=== Section Start ===

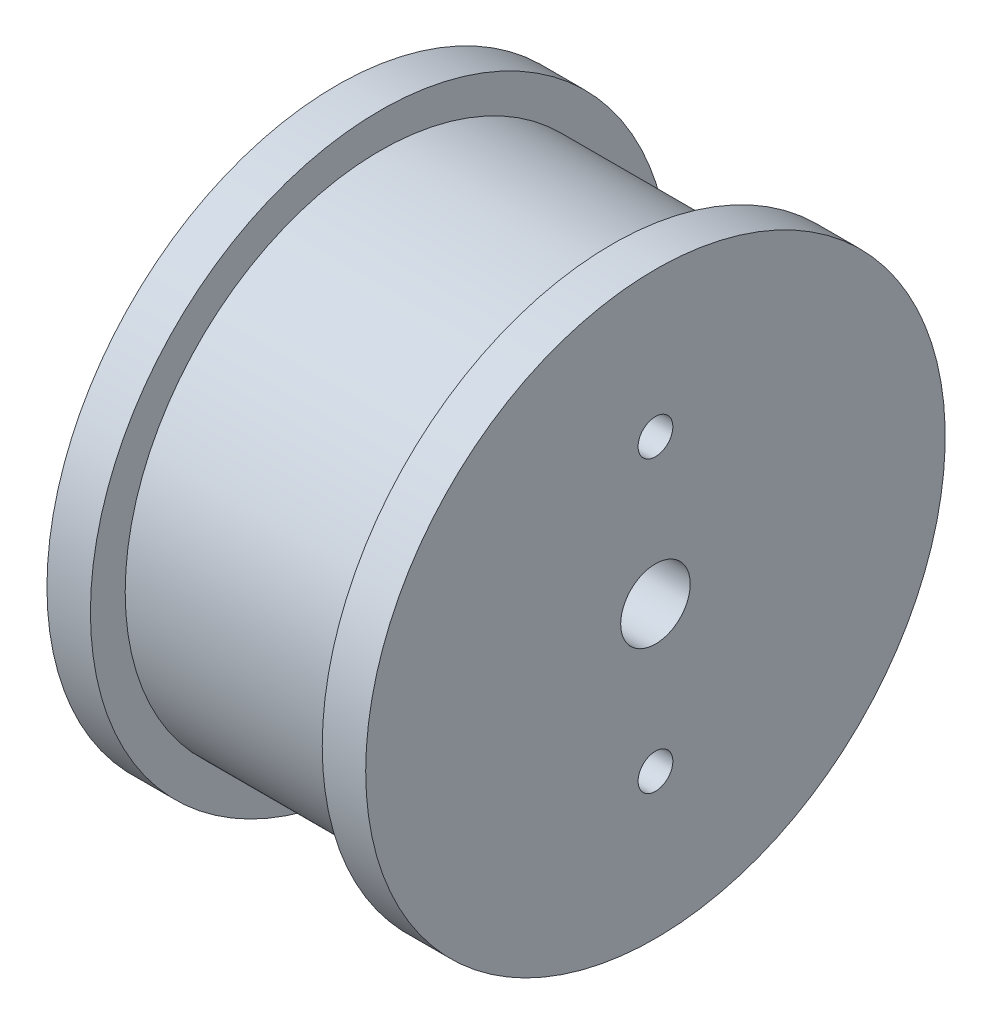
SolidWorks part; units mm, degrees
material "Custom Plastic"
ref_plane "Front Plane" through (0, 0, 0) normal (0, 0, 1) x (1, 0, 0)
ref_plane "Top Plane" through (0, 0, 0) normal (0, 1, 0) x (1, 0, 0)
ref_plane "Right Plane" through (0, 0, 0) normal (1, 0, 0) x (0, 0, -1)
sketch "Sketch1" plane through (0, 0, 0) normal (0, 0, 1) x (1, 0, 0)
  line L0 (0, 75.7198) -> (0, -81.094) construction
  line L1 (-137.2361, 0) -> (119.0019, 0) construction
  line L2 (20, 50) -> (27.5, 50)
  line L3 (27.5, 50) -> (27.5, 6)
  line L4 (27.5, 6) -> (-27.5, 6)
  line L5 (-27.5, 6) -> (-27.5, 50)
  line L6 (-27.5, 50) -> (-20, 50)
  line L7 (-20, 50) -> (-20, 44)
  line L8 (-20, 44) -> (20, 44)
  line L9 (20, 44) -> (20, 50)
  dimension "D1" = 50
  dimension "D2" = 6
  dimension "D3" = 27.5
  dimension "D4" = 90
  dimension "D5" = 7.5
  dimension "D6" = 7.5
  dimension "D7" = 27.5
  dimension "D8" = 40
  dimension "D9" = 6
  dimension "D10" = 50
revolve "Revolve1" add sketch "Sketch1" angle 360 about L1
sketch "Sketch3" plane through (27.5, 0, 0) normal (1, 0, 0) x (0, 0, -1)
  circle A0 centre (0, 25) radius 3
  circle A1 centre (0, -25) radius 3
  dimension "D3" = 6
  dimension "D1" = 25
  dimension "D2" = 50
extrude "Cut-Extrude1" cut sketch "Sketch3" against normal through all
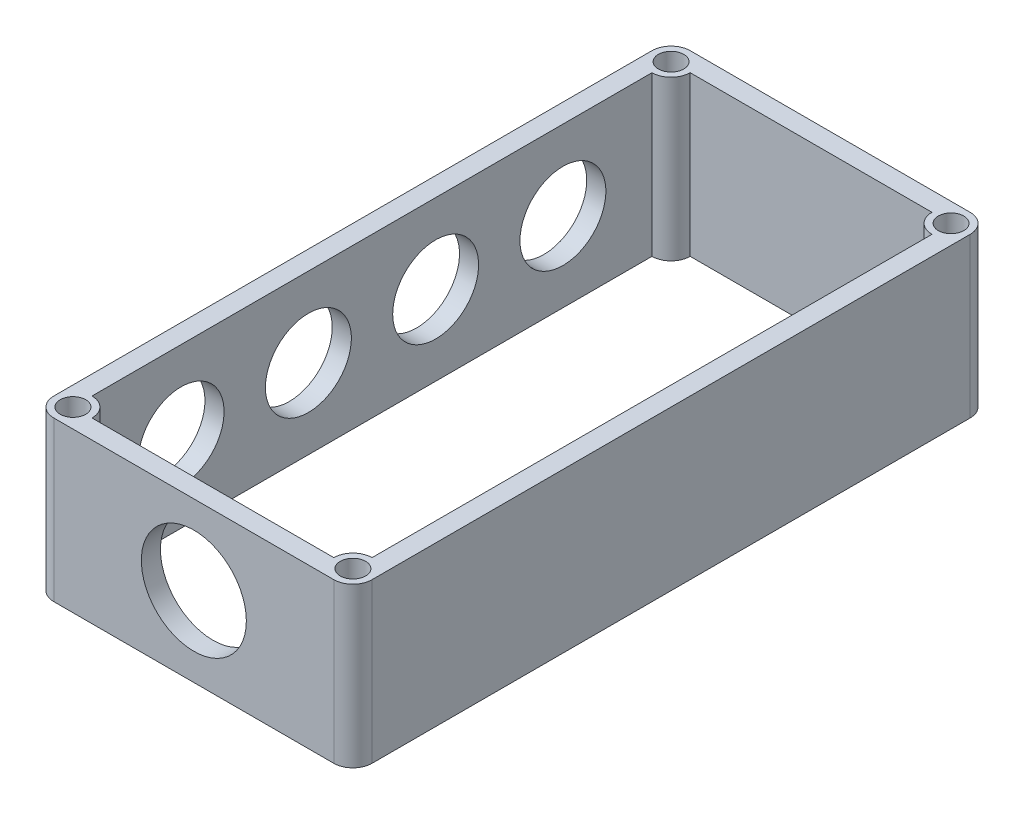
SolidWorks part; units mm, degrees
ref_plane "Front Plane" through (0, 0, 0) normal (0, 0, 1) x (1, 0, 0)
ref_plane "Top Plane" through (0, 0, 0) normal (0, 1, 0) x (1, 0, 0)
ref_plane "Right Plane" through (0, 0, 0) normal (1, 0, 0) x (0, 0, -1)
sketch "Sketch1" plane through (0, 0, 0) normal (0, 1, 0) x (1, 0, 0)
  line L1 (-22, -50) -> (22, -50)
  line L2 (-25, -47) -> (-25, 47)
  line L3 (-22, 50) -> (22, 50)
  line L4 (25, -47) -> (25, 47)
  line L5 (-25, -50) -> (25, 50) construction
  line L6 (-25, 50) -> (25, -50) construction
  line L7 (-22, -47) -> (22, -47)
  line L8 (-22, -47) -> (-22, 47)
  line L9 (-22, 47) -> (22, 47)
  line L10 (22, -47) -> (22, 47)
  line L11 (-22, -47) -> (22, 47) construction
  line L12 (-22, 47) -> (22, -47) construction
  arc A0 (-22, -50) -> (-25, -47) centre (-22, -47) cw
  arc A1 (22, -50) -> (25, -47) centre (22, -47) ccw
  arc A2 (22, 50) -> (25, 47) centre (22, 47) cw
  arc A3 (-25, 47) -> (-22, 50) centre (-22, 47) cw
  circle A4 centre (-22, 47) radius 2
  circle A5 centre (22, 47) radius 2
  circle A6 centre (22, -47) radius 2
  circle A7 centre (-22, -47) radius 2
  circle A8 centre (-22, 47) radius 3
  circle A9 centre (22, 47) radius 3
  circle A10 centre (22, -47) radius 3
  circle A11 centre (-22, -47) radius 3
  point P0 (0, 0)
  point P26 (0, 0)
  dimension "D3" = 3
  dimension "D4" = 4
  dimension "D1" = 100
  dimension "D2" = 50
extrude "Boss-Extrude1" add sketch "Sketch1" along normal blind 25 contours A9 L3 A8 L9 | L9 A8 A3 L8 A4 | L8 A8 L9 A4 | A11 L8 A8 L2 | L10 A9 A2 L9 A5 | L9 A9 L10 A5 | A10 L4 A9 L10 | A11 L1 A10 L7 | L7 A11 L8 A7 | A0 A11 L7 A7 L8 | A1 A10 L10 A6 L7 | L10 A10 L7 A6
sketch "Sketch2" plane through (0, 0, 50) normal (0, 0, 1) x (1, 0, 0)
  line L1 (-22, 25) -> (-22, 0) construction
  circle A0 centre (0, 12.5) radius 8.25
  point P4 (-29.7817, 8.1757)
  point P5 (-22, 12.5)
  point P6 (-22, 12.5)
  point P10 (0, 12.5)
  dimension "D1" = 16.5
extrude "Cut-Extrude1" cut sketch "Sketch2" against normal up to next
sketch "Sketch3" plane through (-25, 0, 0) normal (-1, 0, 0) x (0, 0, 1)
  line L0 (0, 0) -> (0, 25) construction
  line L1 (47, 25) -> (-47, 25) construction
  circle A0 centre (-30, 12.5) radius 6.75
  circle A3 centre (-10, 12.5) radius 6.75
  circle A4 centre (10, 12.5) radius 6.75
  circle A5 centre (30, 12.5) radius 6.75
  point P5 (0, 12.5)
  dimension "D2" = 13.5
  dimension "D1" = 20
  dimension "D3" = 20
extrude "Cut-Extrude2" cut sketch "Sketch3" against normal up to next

=== Section End ===

### PROBLEM TO SOLVE
Task for the records above: copy every line in which the word "against" occurs.

### TASK RESPONSE
extrude "Cut-Extrude1" cut sketch "Sketch3" against normal through all
extrude "Cut-Extrude1" cut sketch "Sketch2" against normal up to next
extrude "Cut-Extrude2" cut sketch "Sketch3" against normal up to next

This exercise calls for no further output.